Hormone replacement therapy (HRT) use declined after the Women's Health Initiative (WHI) study results were published in 2002. Initial results from the WHI study seemed to show that women taking HRT were at greater risk of breast cancer and heart disease, and this study had a dramatic effect on public perceptions and confidence in the use of HRT. However, since the first WHI information was released, it has become apparent that the study group was not completely representative of women taking HRT, and was characterized by a high incidence of several important risk factors, unusual in younger women around their menopause. For example:

The average age of women in the WHI study was 63 years of age, which is a decade older than the age at which most women begin taking HRT

Of women randomly assigned in the WHI study, 36% had hypertension, 49% were current or past smokers, and 34% were clinically obese, which are all factors which would contribute to increased health problems.

In addition, the reporting of the study did not make clear that different HRTs have different risks and benefits, but most importantly the most recent reports from WHI have clearly shown that the age at which HRT is started is critical. Most experts now agree that the fall-out from the initial WHI results has led to public concern about HRT use, which is not justified by the clinical evidence.

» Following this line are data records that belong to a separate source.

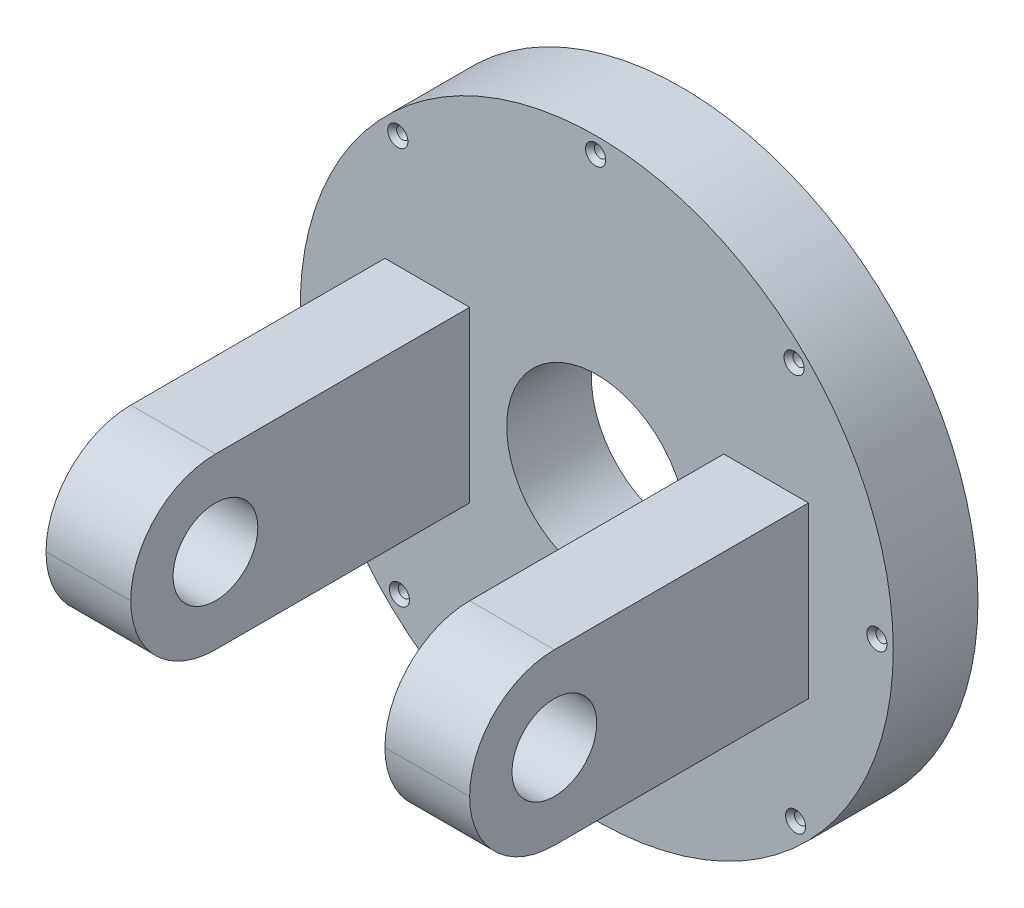
SolidWorks part; units mm, degrees
ref_plane "Front Plane" through (0, 0, 0) normal (0, 0, 1) x (1, 0, 0)
ref_plane "Top Plane" through (0, 0, 0) normal (0, 1, 0) x (1, 0, 0)
ref_plane "Right Plane" through (0, 0, 0) normal (1, 0, 0) x (0, 0, -1)
sketch "Sketch1" plane through (0, 0, 0) normal (0, 0, 1) x (1, 0, 0)
  circle A0 centre (0, 0) radius 44.45
  dimension "D1" = 88.9
extrude "Boss-Extrude1" add sketch "Sketch1" along normal mid plane 12.7
sketch "Sketch2" plane through (0, 0, 6.35) normal (0, 0, 1) x (1, 0, 0)
  circle A0 centre (0, 0) radius 13.5
  dimension "D1" = 27
extrude "Cut-Extrude1" cut sketch "Sketch2" against normal through all
hole_wizard "CSK for #0 Flat Head Machine Screw1" positions "3DSketch2" profile "Sketch4" countersink size "#0" standard "ANSI Inch" end condition through all
sketch3d "3DSketch2"
  circle A0 centre (0, 0, 6.35) radius 44.45 construction
  point P0 (-0.167, 41.9997, 6.35)
  point P5 (0, 0, 50.8)
  dimension "D1" = 42
sketch "Sketch4" plane through (-0.167, 41.9997, 6.35) normal (1, 0, 0) x (0, -1, 0)
  line L0 (0, 0) -> (0, 12.7)
  line L1 (0, 12.7) -> (0.889, 12.7)
  line L2 (0.889, 12.7) -> (0.889, 0.7159)
  line L3 (0.889, 0.7159) -> (1.5113, 0)
  line L5 (1.5113, 0) -> (0, 0)
  line L6 (-0.889, 0.7159) -> (-1.5113, 0) construction
  line L11 (0, -6.35) -> (0, 107.95) construction
  dimension "Thru Hole Dia." = 1.778
  dimension "Thru Hole Depth" = 12.7
  dimension "Near C'Sink Dia." = 3.0226
  dimension "Near C'Sink Angle" = 82
pattern_circular "CirPattern1" count 8 over 360 about axis through (0, 0, 6.35) along (0, 0, -1) of "CSK for #0 Flat Head Machine Screw1"
sketch "Sketch6" plane through (0, 0, 6.35) normal (0, 0, 1) x (1, 0, 0)
  line L0 (0, 0) -> (0, 17.9841) construction
  line L1 (-31.75, 12.7) -> (-19.05, 12.7)
  line L2 (-31.75, 12.7) -> (-31.75, -12.7)
  line L3 (-31.75, -12.7) -> (-19.05, -12.7)
  line L4 (-19.05, 12.7) -> (-19.05, -12.7)
  line L5 (31.75, -12.7) -> (19.05, -12.7)
  line L6 (19.05, 12.7) -> (19.05, -12.7)
  line L7 (31.75, 12.7) -> (19.05, 12.7)
  line L8 (31.75, 12.7) -> (31.75, -12.7)
  circle A0 centre (0, 0) radius 44.45 construction
  point P4 (-19.05, 0)
  dimension "D1" = 12.7
  dimension "D2" = 31.75
  dimension "D3" = 25.4
extrude "Boss-Extrude2" add sketch "Sketch6" along normal blind 50.8
fillet "Fillet1" radius 12.7 4 edges at (-25.4, 12.7, 57.15) (-25.4, -12.7, 57.15) (25.4, -12.7, 57.15) (25.4, 12.7, 57.15)
sketch "Sketch7" plane through (31.75, 0, 0) normal (1, 0, 0) x (0, 0, -1)
  circle A0 centre (-44.45, 0) radius 6.35
  dimension "D1" = 12.7
extrude "Cut-Extrude2" cut sketch "Sketch7" against normal through all

The Global Summit was called to review the current evidence, and to review the risks and benefits of using HRT for women in early menopause. Forty of the world's leading menopause experts met to review public perceptions, risks and benefits. Their main conclusions were:

Cardiovascular issues

Combined oestrogen and progesterone do not increase chronic heart disease risk in healthy women aged 50-59; oestrogen alone actually decreases risk in this group.

Breast cancer

Certain types of HRT (combined oestrogen and progesterone) can lead to a slightly increased risk of breast cancer. However, this is minimal in relation to other breast cancer risk factors. Women with no prior use of oestrogen alone actually had no increased risk for breast cancer in the WHI. Short-to-medium term use of oestrogen-only HRT does not show this effect. The key message is that each woman should discuss her general health, and risk factors such as a family history, smoking, etc., with her own doctor, but generally healthy women (i.e. with no other breast cancer risk factors) entering the menopause should have no fears.

Bone

HRT is effective in maintaining bone health in 50 to 59-year-old postmenopausal women.

Cognition

HRT does not impair cognition in healthy women aged 50-59, and may even delay the decrease of cognitive functions in this group.